* **What to work on**:
When you retype the data, keep every word exactly and include none of the pictures.

* **Exercise input**:
::::::::::
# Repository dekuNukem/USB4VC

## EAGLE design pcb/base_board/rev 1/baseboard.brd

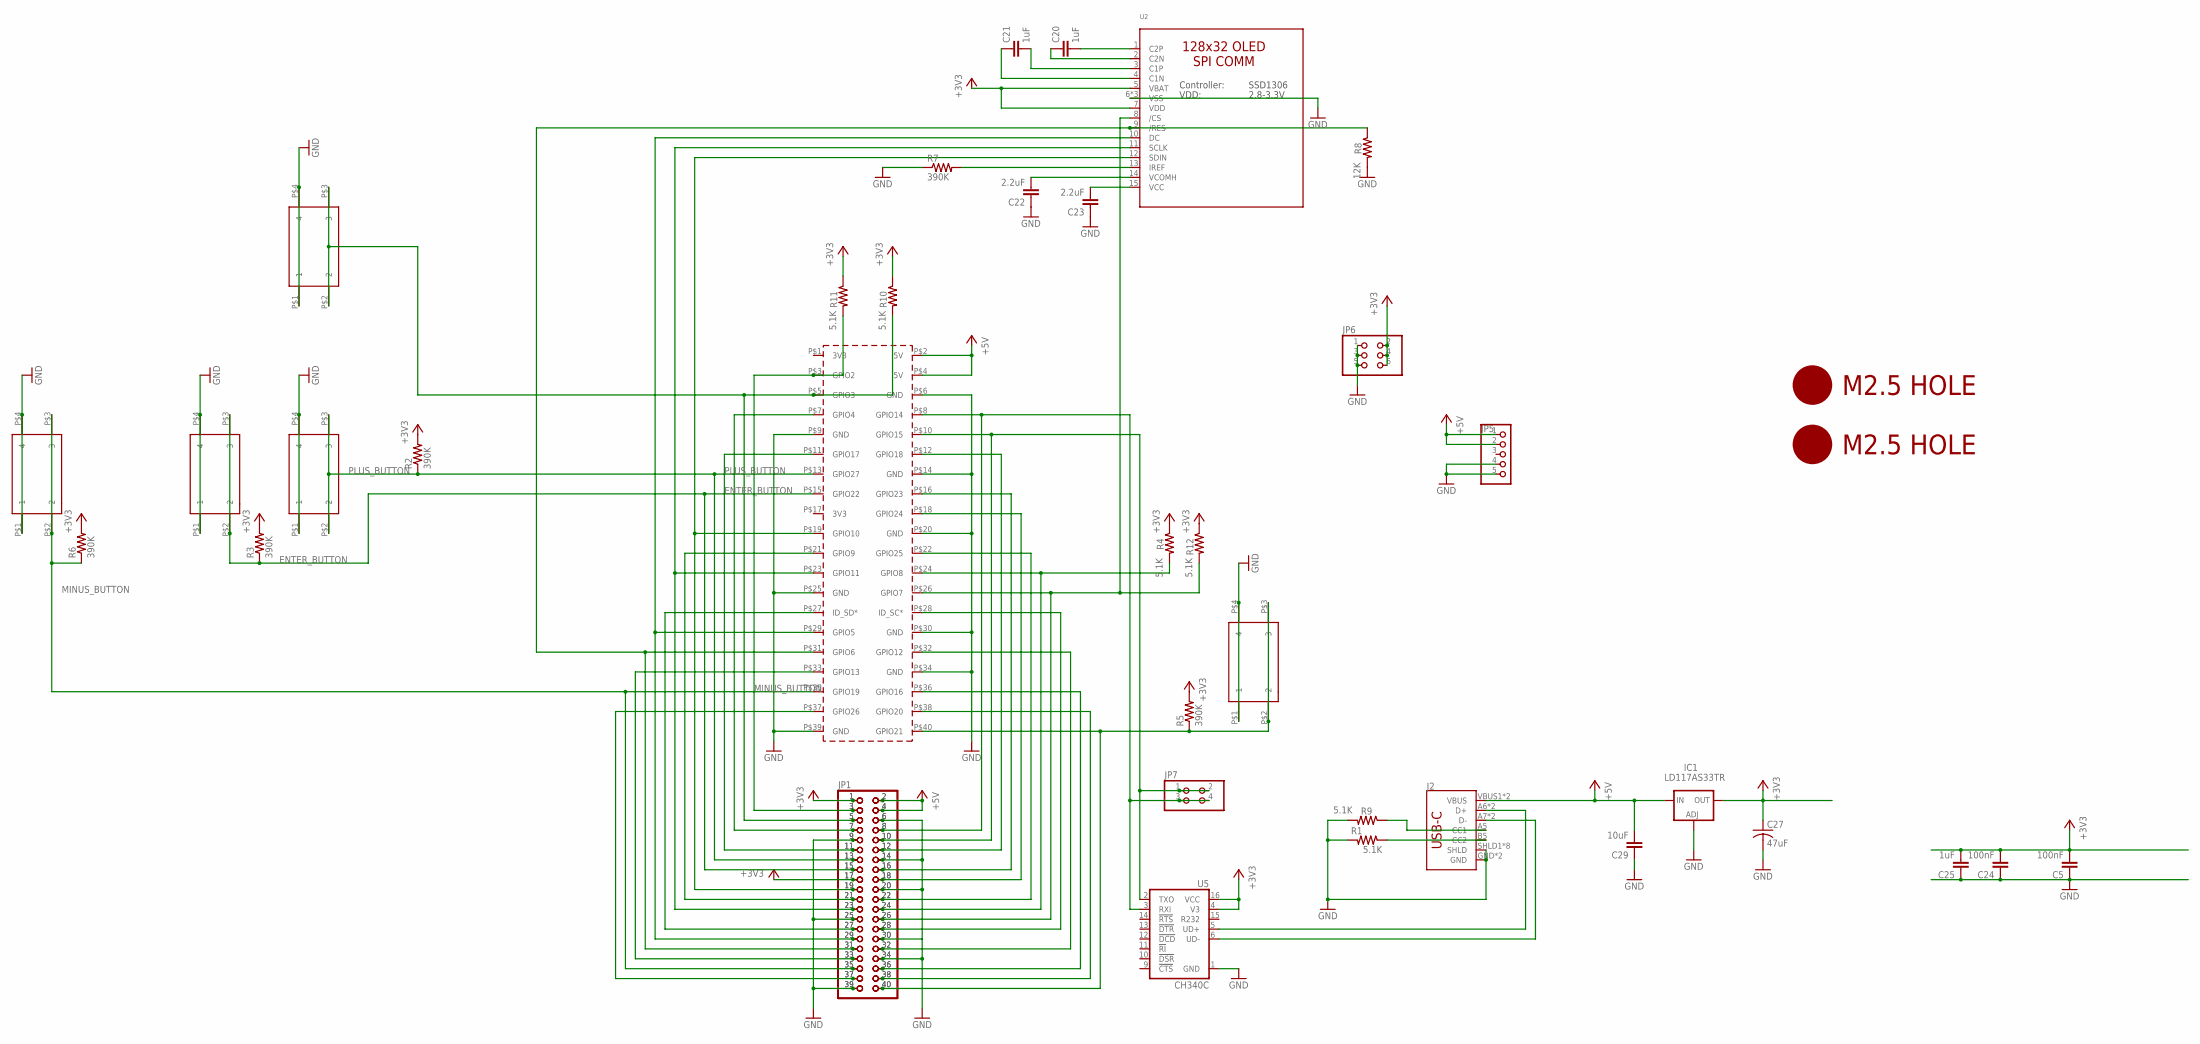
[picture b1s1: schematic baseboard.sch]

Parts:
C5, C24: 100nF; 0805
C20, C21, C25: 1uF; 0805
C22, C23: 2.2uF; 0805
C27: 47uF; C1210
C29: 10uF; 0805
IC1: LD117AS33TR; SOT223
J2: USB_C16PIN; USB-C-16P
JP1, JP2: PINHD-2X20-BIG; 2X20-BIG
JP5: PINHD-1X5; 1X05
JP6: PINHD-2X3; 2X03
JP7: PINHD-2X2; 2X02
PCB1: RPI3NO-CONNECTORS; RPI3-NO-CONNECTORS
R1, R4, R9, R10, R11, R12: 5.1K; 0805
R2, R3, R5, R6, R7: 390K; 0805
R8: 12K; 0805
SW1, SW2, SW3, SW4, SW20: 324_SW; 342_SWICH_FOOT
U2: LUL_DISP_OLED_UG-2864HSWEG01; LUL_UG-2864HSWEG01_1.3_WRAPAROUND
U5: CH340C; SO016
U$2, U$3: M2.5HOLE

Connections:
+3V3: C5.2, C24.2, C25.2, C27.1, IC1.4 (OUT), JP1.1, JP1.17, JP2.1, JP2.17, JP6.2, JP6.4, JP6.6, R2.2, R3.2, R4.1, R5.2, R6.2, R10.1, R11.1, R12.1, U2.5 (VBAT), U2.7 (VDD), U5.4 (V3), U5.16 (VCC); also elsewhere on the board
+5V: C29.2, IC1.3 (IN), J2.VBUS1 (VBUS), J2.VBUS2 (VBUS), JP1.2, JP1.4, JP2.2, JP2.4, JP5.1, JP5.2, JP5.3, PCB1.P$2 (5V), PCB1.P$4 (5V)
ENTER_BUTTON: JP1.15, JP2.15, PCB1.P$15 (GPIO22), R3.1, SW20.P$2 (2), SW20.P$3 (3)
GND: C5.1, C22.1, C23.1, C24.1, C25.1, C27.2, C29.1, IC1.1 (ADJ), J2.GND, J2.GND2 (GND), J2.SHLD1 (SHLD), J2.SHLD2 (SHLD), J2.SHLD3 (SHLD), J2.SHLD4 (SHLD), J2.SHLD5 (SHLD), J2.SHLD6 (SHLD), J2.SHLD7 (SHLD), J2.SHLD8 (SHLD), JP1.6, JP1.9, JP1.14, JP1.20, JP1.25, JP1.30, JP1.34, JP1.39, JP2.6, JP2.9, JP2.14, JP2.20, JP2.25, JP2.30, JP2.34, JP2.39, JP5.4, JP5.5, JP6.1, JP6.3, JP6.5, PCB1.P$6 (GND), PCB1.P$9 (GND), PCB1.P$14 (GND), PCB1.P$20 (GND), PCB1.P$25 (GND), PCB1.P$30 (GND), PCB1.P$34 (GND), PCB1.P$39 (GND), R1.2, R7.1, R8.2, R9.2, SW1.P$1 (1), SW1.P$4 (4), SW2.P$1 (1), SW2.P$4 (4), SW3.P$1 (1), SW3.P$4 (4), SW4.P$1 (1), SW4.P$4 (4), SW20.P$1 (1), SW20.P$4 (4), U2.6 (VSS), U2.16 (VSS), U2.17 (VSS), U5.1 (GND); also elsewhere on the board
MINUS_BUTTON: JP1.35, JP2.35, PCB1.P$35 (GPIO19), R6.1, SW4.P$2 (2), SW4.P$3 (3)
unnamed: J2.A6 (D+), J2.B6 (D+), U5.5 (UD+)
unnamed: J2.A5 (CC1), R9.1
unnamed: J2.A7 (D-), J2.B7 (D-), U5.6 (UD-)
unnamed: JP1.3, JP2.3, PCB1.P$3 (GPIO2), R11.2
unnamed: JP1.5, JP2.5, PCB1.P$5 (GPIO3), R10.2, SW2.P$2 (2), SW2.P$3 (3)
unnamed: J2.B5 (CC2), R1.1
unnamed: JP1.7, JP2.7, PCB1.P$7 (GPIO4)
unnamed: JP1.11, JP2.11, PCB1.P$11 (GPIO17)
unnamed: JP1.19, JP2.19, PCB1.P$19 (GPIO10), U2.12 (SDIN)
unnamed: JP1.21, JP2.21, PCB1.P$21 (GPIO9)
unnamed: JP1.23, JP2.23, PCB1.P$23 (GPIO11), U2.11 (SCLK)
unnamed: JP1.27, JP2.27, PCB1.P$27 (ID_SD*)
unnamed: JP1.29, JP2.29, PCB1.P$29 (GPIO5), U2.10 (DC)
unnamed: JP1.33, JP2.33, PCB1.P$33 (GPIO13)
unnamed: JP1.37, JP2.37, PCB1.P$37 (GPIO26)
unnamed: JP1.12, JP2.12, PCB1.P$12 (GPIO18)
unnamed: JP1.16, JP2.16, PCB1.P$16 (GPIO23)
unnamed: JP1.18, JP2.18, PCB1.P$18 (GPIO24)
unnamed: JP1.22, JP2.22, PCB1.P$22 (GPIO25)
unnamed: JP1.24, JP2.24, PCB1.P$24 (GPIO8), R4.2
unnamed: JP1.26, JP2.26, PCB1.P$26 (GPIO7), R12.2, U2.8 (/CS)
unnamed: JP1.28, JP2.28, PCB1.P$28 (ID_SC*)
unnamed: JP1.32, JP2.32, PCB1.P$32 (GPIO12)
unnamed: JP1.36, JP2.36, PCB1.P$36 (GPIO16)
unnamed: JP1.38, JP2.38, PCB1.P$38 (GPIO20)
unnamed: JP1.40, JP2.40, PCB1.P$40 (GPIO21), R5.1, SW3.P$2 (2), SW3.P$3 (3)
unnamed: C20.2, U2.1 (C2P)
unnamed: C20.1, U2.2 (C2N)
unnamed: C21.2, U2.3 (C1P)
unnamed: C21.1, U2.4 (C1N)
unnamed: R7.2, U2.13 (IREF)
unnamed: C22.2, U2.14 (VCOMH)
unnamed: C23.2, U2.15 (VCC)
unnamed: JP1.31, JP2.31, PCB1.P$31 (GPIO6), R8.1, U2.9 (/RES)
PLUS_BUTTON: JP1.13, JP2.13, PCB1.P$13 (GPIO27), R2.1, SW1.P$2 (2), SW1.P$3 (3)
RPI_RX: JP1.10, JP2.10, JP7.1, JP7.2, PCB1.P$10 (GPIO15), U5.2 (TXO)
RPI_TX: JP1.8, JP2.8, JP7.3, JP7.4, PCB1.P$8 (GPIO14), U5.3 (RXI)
::::::::::
* **Answer box**:
# Repository dekuNukem/USB4VC

## EAGLE design pcb/base_board/rev 1/baseboard.brd

[picture b1s1: schematic baseboard.sch]

Parts:
C5, C24: 100nF; 0805
C20, C21, C25: 1uF; 0805
C22, C23: 2.2uF; 0805
C27: 47uF; C1210
C29: 10uF; 0805
IC1: LD117AS33TR; SOT223
J2: USB_C16PIN; USB-C-16P
JP1, JP2: PINHD-2X20-BIG; 2X20-BIG
JP5: PINHD-1X5; 1X05
JP6: PINHD-2X3; 2X03
JP7: PINHD-2X2; 2X02
PCB1: RPI3NO-CONNECTORS; RPI3-NO-CONNECTORS
R1, R4, R9, R10, R11, R12: 5.1K; 0805
R2, R3, R5, R6, R7: 390K; 0805
R8: 12K; 0805
SW1, SW2, SW3, SW4, SW20: 324_SW; 342_SWICH_FOOT
U2: LUL_DISP_OLED_UG-2864HSWEG01; LUL_UG-2864HSWEG01_1.3_WRAPAROUND
U5: CH340C; SO016
U$2, U$3: M2.5HOLE

Connections:
+3V3: C5.2, C24.2, C25.2, C27.1, IC1.4 (OUT), JP1.1, JP1.17, JP2.1, JP2.17, JP6.2, JP6.4, JP6.6, R2.2, R3.2, R4.1, R5.2, R6.2, R10.1, R11.1, R12.1, U2.5 (VBAT), U2.7 (VDD), U5.4 (V3), U5.16 (VCC); also elsewhere on the board
+5V: C29.2, IC1.3 (IN), J2.VBUS1 (VBUS), J2.VBUS2 (VBUS), JP1.2, JP1.4, JP2.2, JP2.4, JP5.1, JP5.2, JP5.3, PCB1.P$2 (5V), PCB1.P$4 (5V)
ENTER_BUTTON: JP1.15, JP2.15, PCB1.P$15 (GPIO22), R3.1, SW20.P$2 (2), SW20.P$3 (3)
GND: C5.1, C22.1, C23.1, C24.1, C25.1, C27.2, C29.1, IC1.1 (ADJ), J2.GND, J2.GND2 (GND), J2.SHLD1 (SHLD), J2.SHLD2 (SHLD), J2.SHLD3 (SHLD), J2.SHLD4 (SHLD), J2.SHLD5 (SHLD), J2.SHLD6 (SHLD), J2.SHLD7 (SHLD), J2.SHLD8 (SHLD), JP1.6, JP1.9, JP1.14, JP1.20, JP1.25, JP1.30, JP1.34, JP1.39, JP2.6, JP2.9, JP2.14, JP2.20, JP2.25, JP2.30, JP2.34, JP2.39, JP5.4, JP5.5, JP6.1, JP6.3, JP6.5, PCB1.P$6 (GND), PCB1.P$9 (GND), PCB1.P$14 (GND), PCB1.P$20 (GND), PCB1.P$25 (GND), PCB1.P$30 (GND), PCB1.P$34 (GND), PCB1.P$39 (GND), R1.2, R7.1, R8.2, R9.2, SW1.P$1 (1), SW1.P$4 (4), SW2.P$1 (1), SW2.P$4 (4), SW3.P$1 (1), SW3.P$4 (4), SW4.P$1 (1), SW4.P$4 (4), SW20.P$1 (1), SW20.P$4 (4), U2.6 (VSS), U2.16 (VSS), U2.17 (VSS), U5.1 (GND); also elsewhere on the board
MINUS_BUTTON: JP1.35, JP2.35, PCB1.P$35 (GPIO19), R6.1, SW4.P$2 (2), SW4.P$3 (3)
unnamed: J2.A6 (D+), J2.B6 (D+), U5.5 (UD+)
unnamed: J2.A5 (CC1), R9.1
unnamed: J2.A7 (D-), J2.B7 (D-), U5.6 (UD-)
unnamed: JP1.3, JP2.3, PCB1.P$3 (GPIO2), R11.2
unnamed: JP1.5, JP2.5, PCB1.P$5 (GPIO3), R10.2, SW2.P$2 (2), SW2.P$3 (3)
unnamed: J2.B5 (CC2), R1.1
unnamed: JP1.7, JP2.7, PCB1.P$7 (GPIO4)
unnamed: JP1.11, JP2.11, PCB1.P$11 (GPIO17)
unnamed: JP1.19, JP2.19, PCB1.P$19 (GPIO10), U2.12 (SDIN)
unnamed: JP1.21, JP2.21, PCB1.P$21 (GPIO9)
unnamed: JP1.23, JP2.23, PCB1.P$23 (GPIO11), U2.11 (SCLK)
unnamed: JP1.27, JP2.27, PCB1.P$27 (ID_SD*)
unnamed: JP1.29, JP2.29, PCB1.P$29 (GPIO5), U2.10 (DC)
unnamed: JP1.33, JP2.33, PCB1.P$33 (GPIO13)
unnamed: JP1.37, JP2.37, PCB1.P$37 (GPIO26)
unnamed: JP1.12, JP2.12, PCB1.P$12 (GPIO18)
unnamed: JP1.16, JP2.16, PCB1.P$16 (GPIO23)
unnamed: JP1.18, JP2.18, PCB1.P$18 (GPIO24)
unnamed: JP1.22, JP2.22, PCB1.P$22 (GPIO25)
unnamed: JP1.24, JP2.24, PCB1.P$24 (GPIO8), R4.2
unnamed: JP1.26, JP2.26, PCB1.P$26 (GPIO7), R12.2, U2.8 (/CS)
unnamed: JP1.28, JP2.28, PCB1.P$28 (ID_SC*)
unnamed: JP1.32, JP2.32, PCB1.P$32 (GPIO12)
unnamed: JP1.36, JP2.36, PCB1.P$36 (GPIO16)
unnamed: JP1.38, JP2.38, PCB1.P$38 (GPIO20)
unnamed: JP1.40, JP2.40, PCB1.P$40 (GPIO21), R5.1, SW3.P$2 (2), SW3.P$3 (3)
unnamed: C20.2, U2.1 (C2P)
unnamed: C20.1, U2.2 (C2N)
unnamed: C21.2, U2.3 (C1P)
unnamed: C21.1, U2.4 (C1N)
unnamed: R7.2, U2.13 (IREF)
unnamed: C22.2, U2.14 (VCOMH)
unnamed: C23.2, U2.15 (VCC)
unnamed: JP1.31, JP2.31, PCB1.P$31 (GPIO6), R8.1, U2.9 (/RES)
PLUS_BUTTON: JP1.13, JP2.13, PCB1.P$13 (GPIO27), R2.1, SW1.P$2 (2), SW1.P$3 (3)
RPI_RX: JP1.10, JP2.10, JP7.1, JP7.2, PCB1.P$10 (GPIO15), U5.2 (TXO)
RPI_TX: JP1.8, JP2.8, JP7.3, JP7.4, PCB1.P$8 (GPIO14), U5.3 (RXI)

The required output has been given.